We’ve heard about the miserable experiences of employees at the Service Employees International Union (SEIU), but does the union treat its membership any better?
The SEIU’s track record reveals a union that repeatedly fails to support its members at the bargaining table and on the picket line.
In 2023, the State Employees Association of North Carolina (SEANC) – a group of 50,000 North Carolina state government workers – announced it was disaffiliating from the SEIU. The group cited the SEIU’s bargaining tactics as being ineffective for its workers. The union explained:
“Our membership felt that for a long time now, the way we approach labor, the labor movement in North Carolina, the way we approach our work in the legislature to try to get raises and benefits for state employees has been different than the way most of SEIU’s locals go about that.”

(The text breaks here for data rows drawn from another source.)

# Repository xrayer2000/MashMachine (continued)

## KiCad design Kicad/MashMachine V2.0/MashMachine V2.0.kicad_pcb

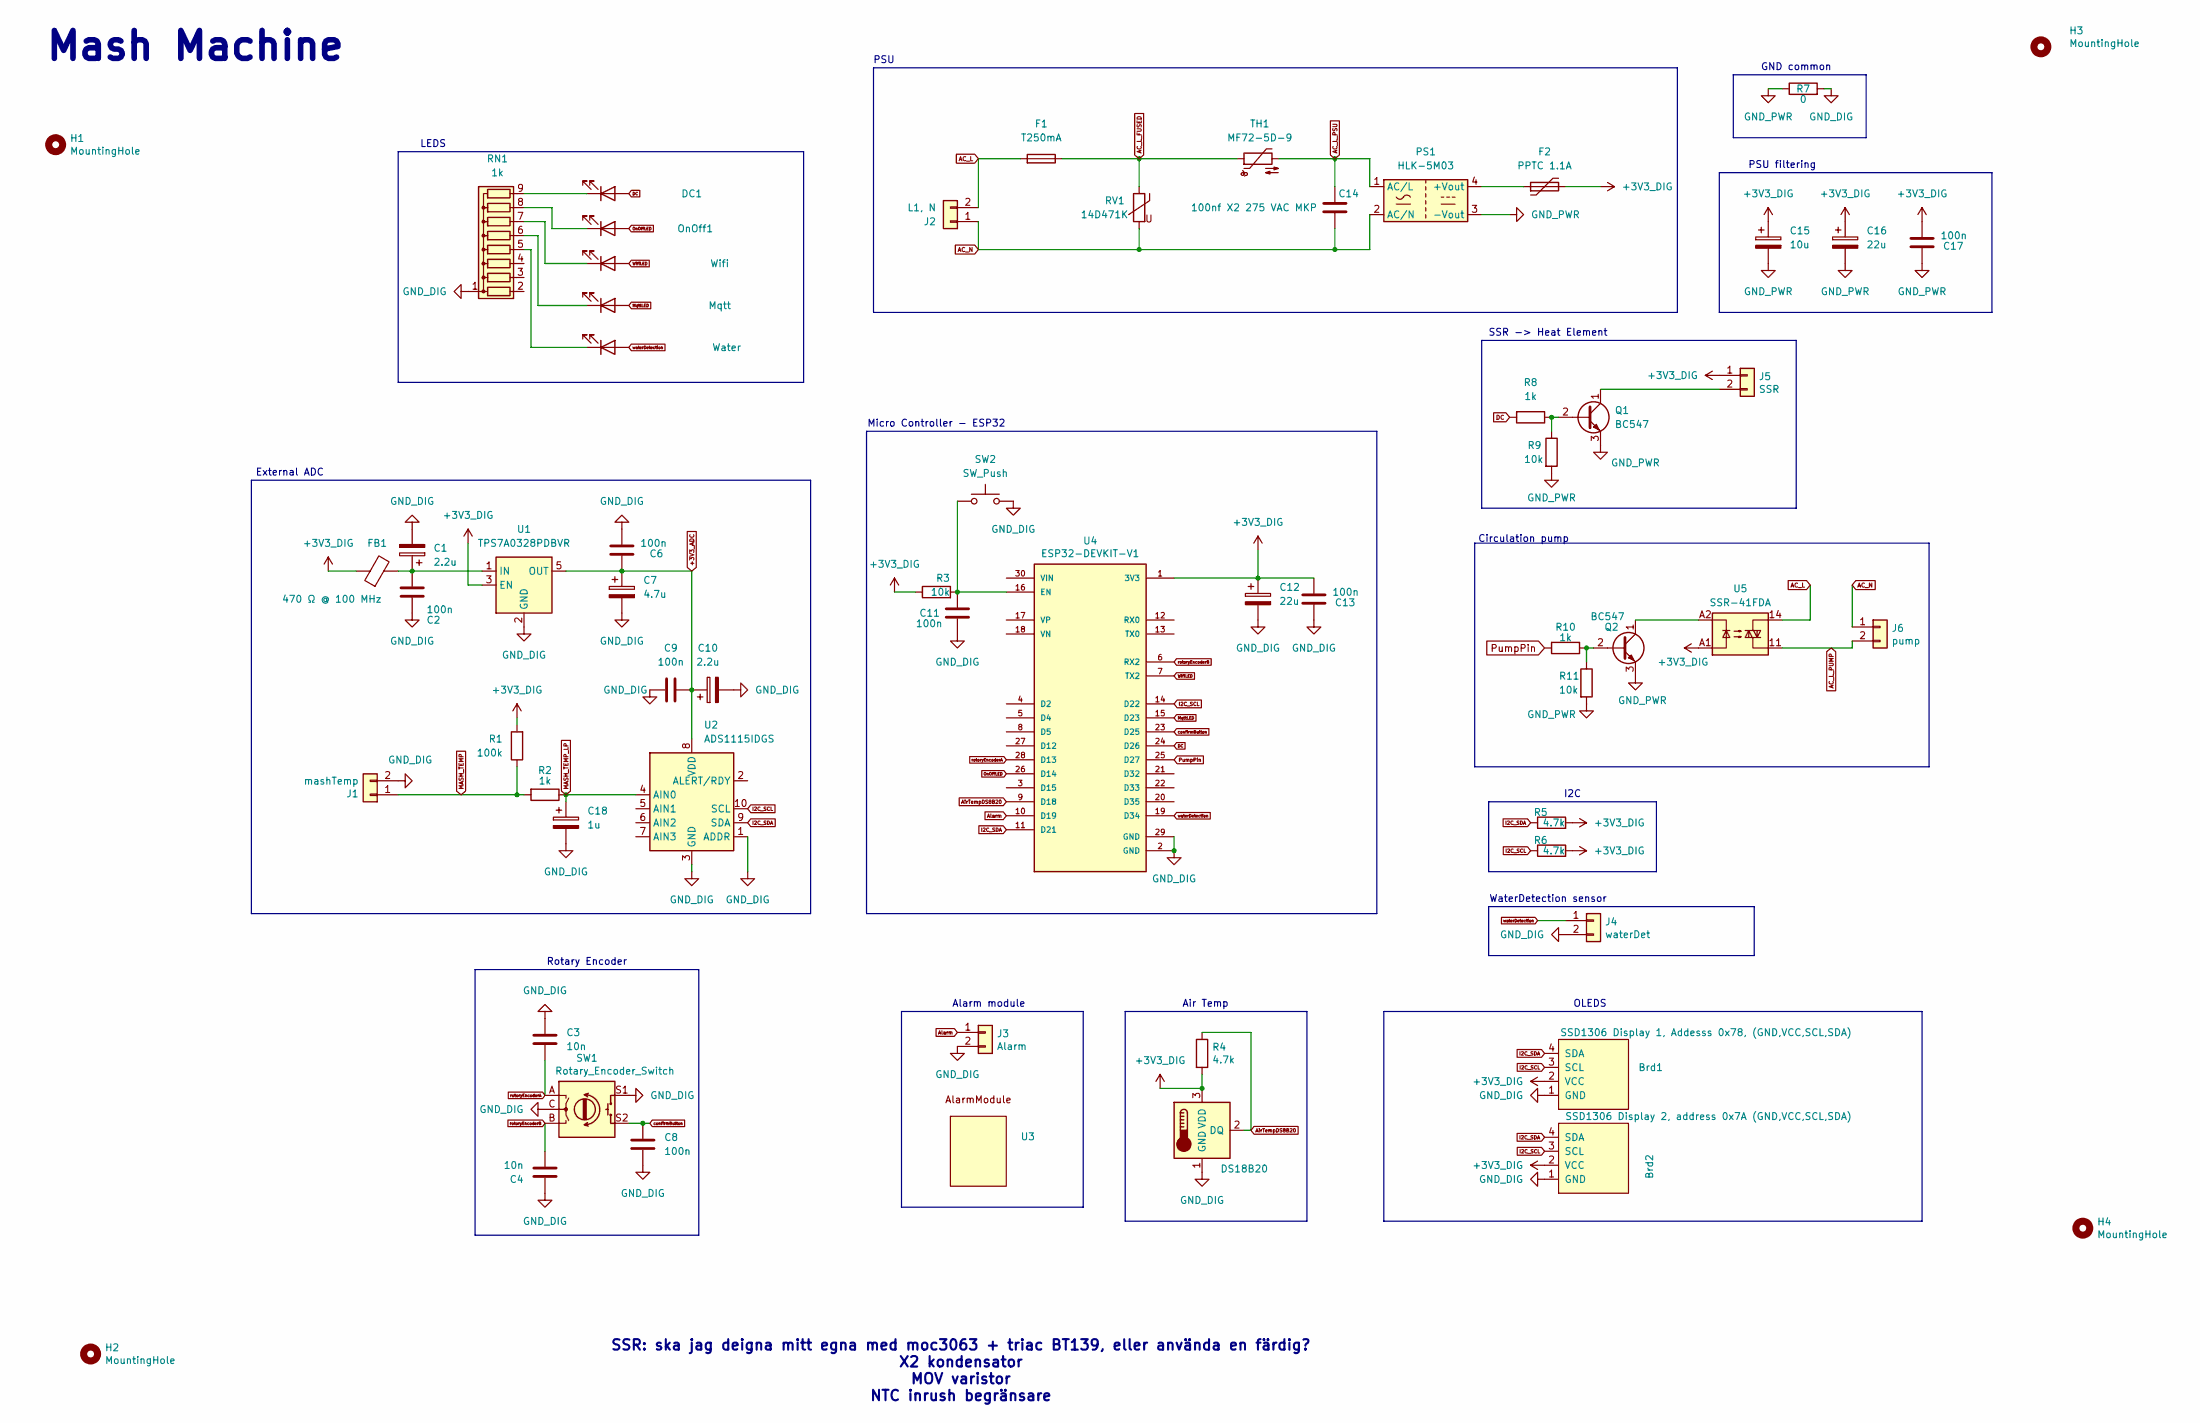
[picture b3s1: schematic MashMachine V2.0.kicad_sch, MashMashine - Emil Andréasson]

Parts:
Air_temp1: DS18B20; TO-92L_Inline
Brd1: SSD1306 Display 1, Addesss 0x78, (GND,VCC,SCL,SDA); ssd1306_1.3''
Brd2: SSD1306 Display 2, address 0x7A (GND,VCC,SCL,SDA); ssd1306_1.3''
C1, C10: 2.2u; CP_Radial_D4.0mm_P2.00mm
C2, C6, C8, C9, C11, C13, C17: 100n; C_Disc_D3.0mm_W1.6mm_P2.50mm
C3, C4: 10n; C_Disc_D3.0mm_W1.6mm_P2.50mm
C7: 4.7u; CP_Radial_D4.0mm_P2.00mm
C12, C16: 22u; CP_Radial_D4.0mm_P2.00mm
C14: 100nf X2 275 VAC MKP; C_Rect_L16.5mm_W6.0mm_P15.00mm_MKT
C15: 10u; CP_Radial_D4.0mm_P2.00mm
C18: 1u; CP_Radial_D4.0mm_P2.00mm
DC1: DC; LED_D3.0mm
F1: T250mA; Fuseholder5x20_horiz_SemiClosed_Casing10x25mm
F2: PPTC 1.1A; Fuse_BelFuse_0ZRE0016FF_L9.9mm_W3.8mm
FB1: 470 Ω @ 100 MHz; C_0805_2012Metric_Pad1.18x1.45mm_HandSolder
H1, H2, H3, H4: MountingHole; MountingHole_3.2mm_M3_DIN965_Pad
J1: mashTemp; JST_XH_B2B-XH-AM_1x02_P2.50mm_Vertical
J2: L1, N; TerminalBlock_RND_205-00287_1x02_P5.08mm_Horizontal
J3: Alarm; JST_XH_B2B-XH-AM_1x02_P2.50mm_Vertical
J4: waterDet; JST_XH_B2B-XH-AM_1x02_P2.50mm_Vertical
J5: SSR; JST_XH_B2B-XH-AM_1x02_P2.50mm_Vertical
J6: pump; TerminalBlock_RND_205-00287_1x02_P5.08mm_Horizontal
LED1: Wifi; LED_D3.0mm
LED2: Mqtt; LED_D3.0mm
LED3: Water; LED_D3.0mm
OnOff1: On; LED_D3.0mm
PS1: HLK-5M03; Converter_ACDC_Hi-Link_HLK-5Mxx
Q1, Q2: BC547; TO-92_Inline
R1: 100k; R_Axial_DIN0207_L6.3mm_D2.5mm_P7.62mm_Horizontal
R2: 1k; R_Axial_DIN0207_L6.3mm_D2.5mm_P7.62mm_Horizontal
R3: 10k; R_Axial_DIN0207_L6.3mm_D2.5mm_P7.62mm_Horizontal
R4, R5, R6: 4.7k; R_Axial_DIN0204_L3.6mm_D1.6mm_P2.54mm_Vertical
R7: 0; R_Axial_DIN0204_L3.6mm_D1.6mm_P1.90mm_Vertical
R8, R10: 1k; R_Axial_DIN0204_L3.6mm_D1.6mm_P2.54mm_Vertical
R9, R11: 10k; R_Axial_DIN0204_L3.6mm_D1.6mm_P2.54mm_Vertical
RN1: 1k; R_Array_SIP9
RV1: 14D471K; RV_Disc_D15.5mm_W4.5mm_P7.5mm
SW1: Rotary_Encoder_Switch; RotaryEncoder_Alps_EC11E-Switch_Vertical_H20mm
SW2: SW_Push; SW_PUSH_6mm
TH1: MF72-5D-9; RV_Disc_D9mm_W5.2mm_P5mm
U1: TPS7A0328PDBVR; SOT-23-5
U2: ADS1115IDGS; PinSocket_1x10_P2.54mm_Vertical
U3: AlarmModule
U4: ESP32-DEVKIT-V1; ESP32_DEVKIT_V1; PARTREV N/A
U5: SSR-41FDA; Finder_34.81

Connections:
+3V3_ADC: C6.1, C7.1, C9.1, C10.1, U1.5 (OUT), U2.8 (VDD)
+3V3_DIG: Air_temp1.3 (VDD), Brd1.2 (VCC), Brd2.2 (VCC), C12.1, C13.2, C15.1, C16.1, C17.2, F2.2, FB1.1, J5.1, R1.2, R3.1, R4.2, R5.2, R6.2, U1.3 (EN), U4.1 (3V3), U5.A1
AC_L: F1.2, J2.2, U5.14
AC_L_FUSED: F1.1, RV1.1, TH1.1
AC_L_PSU: C14.1, PS1.1 (AC/L), TH1.2
AC_L_PUMP: J6.2, U5.11
AC_N: C14.2, J2.1, J6.1, PS1.2 (AC/N), RV1.2
AirTempDS8B20: Air_temp1.2 (DQ), R4.1, U4.9 (D18)
Alarm: J3.1, U4.10 (D19)
DC: DC1.2 (A), R8.2, U4.24 (D26)
GND_DIG: Air_temp1.1 (GND), Brd1.1 (GND), Brd2.1 (GND), C1.2, C2.2, C3.2, C4.2, C6.2, C7.2, C8.2, C9.2, C10.2, C11.1, C12.2, C13.1, C18.2, J1.2, J3.2, J4.2, R7.2, RN1.1 (common), SW1.C, SW1.S1, SW2.2, U1.2 (GND), U2.1 (ADDR), U2.3 (GND), U4.2 (GND), U4.29 (GND)
GND_PWR: C15.2, C16.2, C17.1, PS1.3 (-Vout), Q1.3 (E), Q2.3 (E), R7.1, R9.2, R11.2
I2C_SCL: Brd1.3 (SCL), Brd2.3 (SCL), R6.1, U2.10 (SCL), U4.14 (D22)
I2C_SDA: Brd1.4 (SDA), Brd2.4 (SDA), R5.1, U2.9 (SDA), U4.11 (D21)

“For example, walk outs, strikes, and other collective bargaining efforts employed by some unions are not something that SEANC feels get results.”
Perhaps SEANC saw how SEIU Local 1000 failed workers in California in 2020. In that deal, the SEIU managed to negotiate an almost 10 percent pay reduction for government workers across the state. The same deal also delayed a general salary increase.
The SEIU also failed to ensure government workers at an office in California had adequate working conditions. SEIU Local 1021 workers complained the office was infested with rats, but it appears no reports or statements about the issue were made by the SEIU. Workers at the office were forced to contact ABC 7 News to report on the matter.
The SEIU’s neglect for workers doesn’t just end at the bargaining table, the union is also failing workers on the picket line.
Striking workers can expect to make little in the way of pay while they are on strike with the SEIU. According to a document from the SEIU-UHW in 2019, the SEIU-UHW was paying its striking members just $200 a week and that was only after being paid nothing for the first week of striking. The SEIU Local 503 only performs slightly better, paying its striking members $400 after the first week of striking.
These payments amount to just $5 and $10 an hour for a forty-hour work week – shocking coming from a union that consistently advocates for a $15 minimum wage.
The SEIU national headquarters seems to be more concerned with political spending than protecting workers. In 2022, it contributed just over $55,000 to its national strike benefit fund while spending over $60 million on political activities and lobbying.